FiveThrityEight cautions against drawing too many conclusions based on one special election win in Georgia, the most likely gain for Democrats.
[S]pecial House and Senate elections in the two years leading up to a midterm can go any which way. In any of the previous four cycles before a midterm, there’s at least one example of a candidate doing poorly in a special election — relative to the previous weighted presidential vote — only to have their party do well in the midterms.So even if Ossoff wins — even if he wins comfortably — it won’t be safe to assume a Democratic wave is building in 2018.. . . . The point is that Democrats and Republicans should be keeping an eye on the other four House special elections coming up over the next few months — not just Georgia 6. If Democratic candidates in those districts are outperforming the previous presidential vote compared with the nation by 9 to 10 percentage, too, it could be a sign that whatever happens in Georgia 6 is not a fluke.A Democratic national House win by 9 to 10 percentage points would probably be large enough to take back the House in 2018. Of course, an Ossoff loss combined with Democratic underperformance in those other races would indicate that Democrats are in trouble.
The Democrats have an immense and intense enthusiasm about these special elections, about scoring wins for their Trump “resistance,” and unless Republican voters shake off the after-glow complacency that so often follows big gains and show up at the polls, Democrats may well make gains in the House that will invigorate them into 2018’s midterms.
Republicans typically have a stronger midterm turnout; however, this advantage shrinks when a Republican is in the White House. Couple that with the intense Democrat motivation to “stop Trump,” and these special elections become more meaningful.

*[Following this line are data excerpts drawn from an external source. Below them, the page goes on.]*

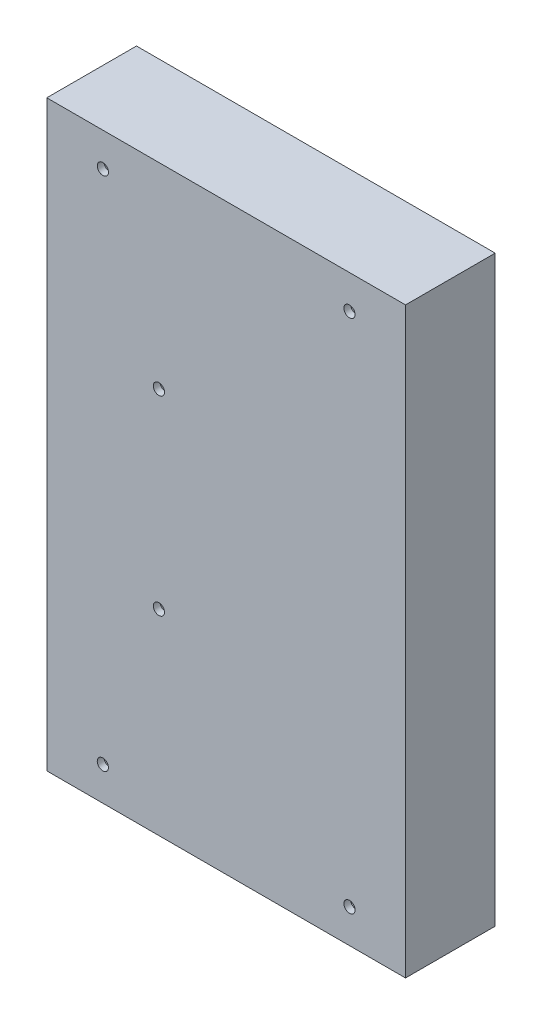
from build123d import *

# Parameters (mm, degrees)
CROQUIS1_W              = 150
CROQUIS1_H              = 250
CROQUIS1_R              = 19.5
SALIENTE_EXTRUIR1_DEPTH = 10
CROQUIS3_W              = 160
CROQUIS3_H              = 260
CROQUIS3_W_2            = 150
CROQUIS3_H_2            = 250
SALIENTE_EXTRUIR2_DEPTH = 25
SALIENTE_EXTRUIR3_DEPTH = 15
CROQUIS6_W              = 160
CROQUIS6_H              = 260
CROQUIS6_W_2            = 150
CROQUIS6_H_2            = 250
SALIENTE_EXTRUIR4_DEPTH = 15
CROQUIS7_W              = 160
CROQUIS7_H              = 260
SALIENTE_EXTRUIR5_DEPTH = 5
CROQUIS8_R              = 2.5
CORTAR_EXTRUIR1_DEPTH   = 3
CROQUIS9_R              = 2.5
CORTAR_EXTRUIR2_DEPTH   = 3


with BuildPart() as part:
    # Croquis1 → Saliente-Extruir1 (new body)
    with BuildSketch(Plane.XY):
        Rectangle(CROQUIS1_W, CROQUIS1_H)
        with Locations((-50, 100)):
            Circle(CROQUIS1_R, mode=Mode.SUBTRACT)
        with Locations((-50, 40)):
            Circle(CROQUIS1_R, mode=Mode.SUBTRACT)
        with Locations((-50, -20)):
            Circle(CROQUIS1_R, mode=Mode.SUBTRACT)
        with Locations(Location((50, -20, 0), (0, 0, 180))):
            Circle(CROQUIS1_R, mode=Mode.SUBTRACT)
        with Locations(Location((50, 40, 0), (0, 0, 180))):
            Circle(CROQUIS1_R, mode=Mode.SUBTRACT)
        with Locations(Location((50, 100, 0), (0, 0, 180))):
            Circle(CROQUIS1_R, mode=Mode.SUBTRACT)
        with Locations((-30, -100)):
            Circle(CROQUIS1_R, mode=Mode.SUBTRACT)
        with Locations(Location((30, -100, 0), (0, 0, 180))):
            Circle(CROQUIS1_R, mode=Mode.SUBTRACT)
        with Locations((0, -40)):
            Circle(CROQUIS1_R, mode=Mode.SUBTRACT)
    extrude(amount=SALIENTE_EXTRUIR1_DEPTH)

    # Croquis3 → Saliente-Extruir2 (add)
    with BuildSketch(Plane.XY.offset(10)):
        Rectangle(CROQUIS3_W, CROQUIS3_H)
        Rectangle(CROQUIS3_W_2, CROQUIS3_H_2, mode=Mode.SUBTRACT)
    extrude(amount=-SALIENTE_EXTRUIR2_DEPTH)

    # Croquis4 → Saliente-Extruir3 (add)
    with BuildSketch(Plane(origin=(0, 0, 0), x_dir=(-1, 0, 0), z_dir=(0, 0, -1))):
        Polygon((-5, 125), (-5, 5), (-75, -115), (-75, -125), (-3.830215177, -2.994654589), (3.830215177, -2.994654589), (75, -125), (75, -115), (4.127714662, 6.495346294), (5, 125), align=None)
    extrude(amount=SALIENTE_EXTRUIR3_DEPTH)

    # Croquis6 → Saliente-Extruir4 (add)
    with BuildSketch(Plane.XY.offset(10)):
        Rectangle(CROQUIS6_W, CROQUIS6_H)
        Rectangle(CROQUIS6_W_2, CROQUIS6_H_2, mode=Mode.SUBTRACT)
    extrude(amount=SALIENTE_EXTRUIR4_DEPTH)

    # Croquis7 → Saliente-Extruir5 (add)
    with BuildSketch(Plane.XY.offset(25)):
        Rectangle(CROQUIS7_W, CROQUIS7_H)
    extrude(amount=-SALIENTE_EXTRUIR5_DEPTH)

    # Croquis8 → Cortar-Extruir1 (cut)
    with BuildSketch(Plane.XY.offset(25)):
        with Locations((-30, 42.5)):
            Circle(CROQUIS8_R)
        with Locations(Location((-30, -42.5, 0), (0, 0, 180))):
            Circle(CROQUIS8_R)
    extrude(amount=-CORTAR_EXTRUIR1_DEPTH, mode=Mode.SUBTRACT)

    # Croquis9 → Cortar-Extruir2 (cut)
    with BuildSketch(Plane.XY.offset(25)):
        with Locations((-55, 115)):
            Circle(CROQUIS9_R)
        with Locations(Location((55, 115, 0), (0, 0, 180))):
            Circle(CROQUIS9_R)
        with Locations((55, -115)):
            Circle(CROQUIS9_R)
        with Locations(Location((-55, -115, 0), (0, 0, 180))):
            Circle(CROQUIS9_R)
    extrude(amount=-CORTAR_EXTRUIR2_DEPTH, mode=Mode.SUBTRACT)


solid = part.part

On average, Republican turnout has been just 6 percent higher than Democratic turnout in midterm elections when Republicans have held the White House, like in 1982, 1986, 1990, 2002 and 2006. Republican turnout has been 17 percent higher than Democratic turnout in midterm elections when Democrats have held the presidency — like in 1994, 1998, 2010 and 2014. The same pattern shows up in the lower-quality data available elsewhere.. . . . But the history of midterm turnout, the recent special elections, the protests, the donations and the early vote all seem consistent with the same story: The Democrats might be fixing their midterm turnout problem.
Three seats (or five counting California’s 34th District and South Carolina’s 5th District special elections taking place in June) may not seem like much, but the momentum that follows special election wins grows with each victory and could change everything in the 2018 midterms . . . just as our early victories fed our enthusiasm and determination and changed everything in 2010.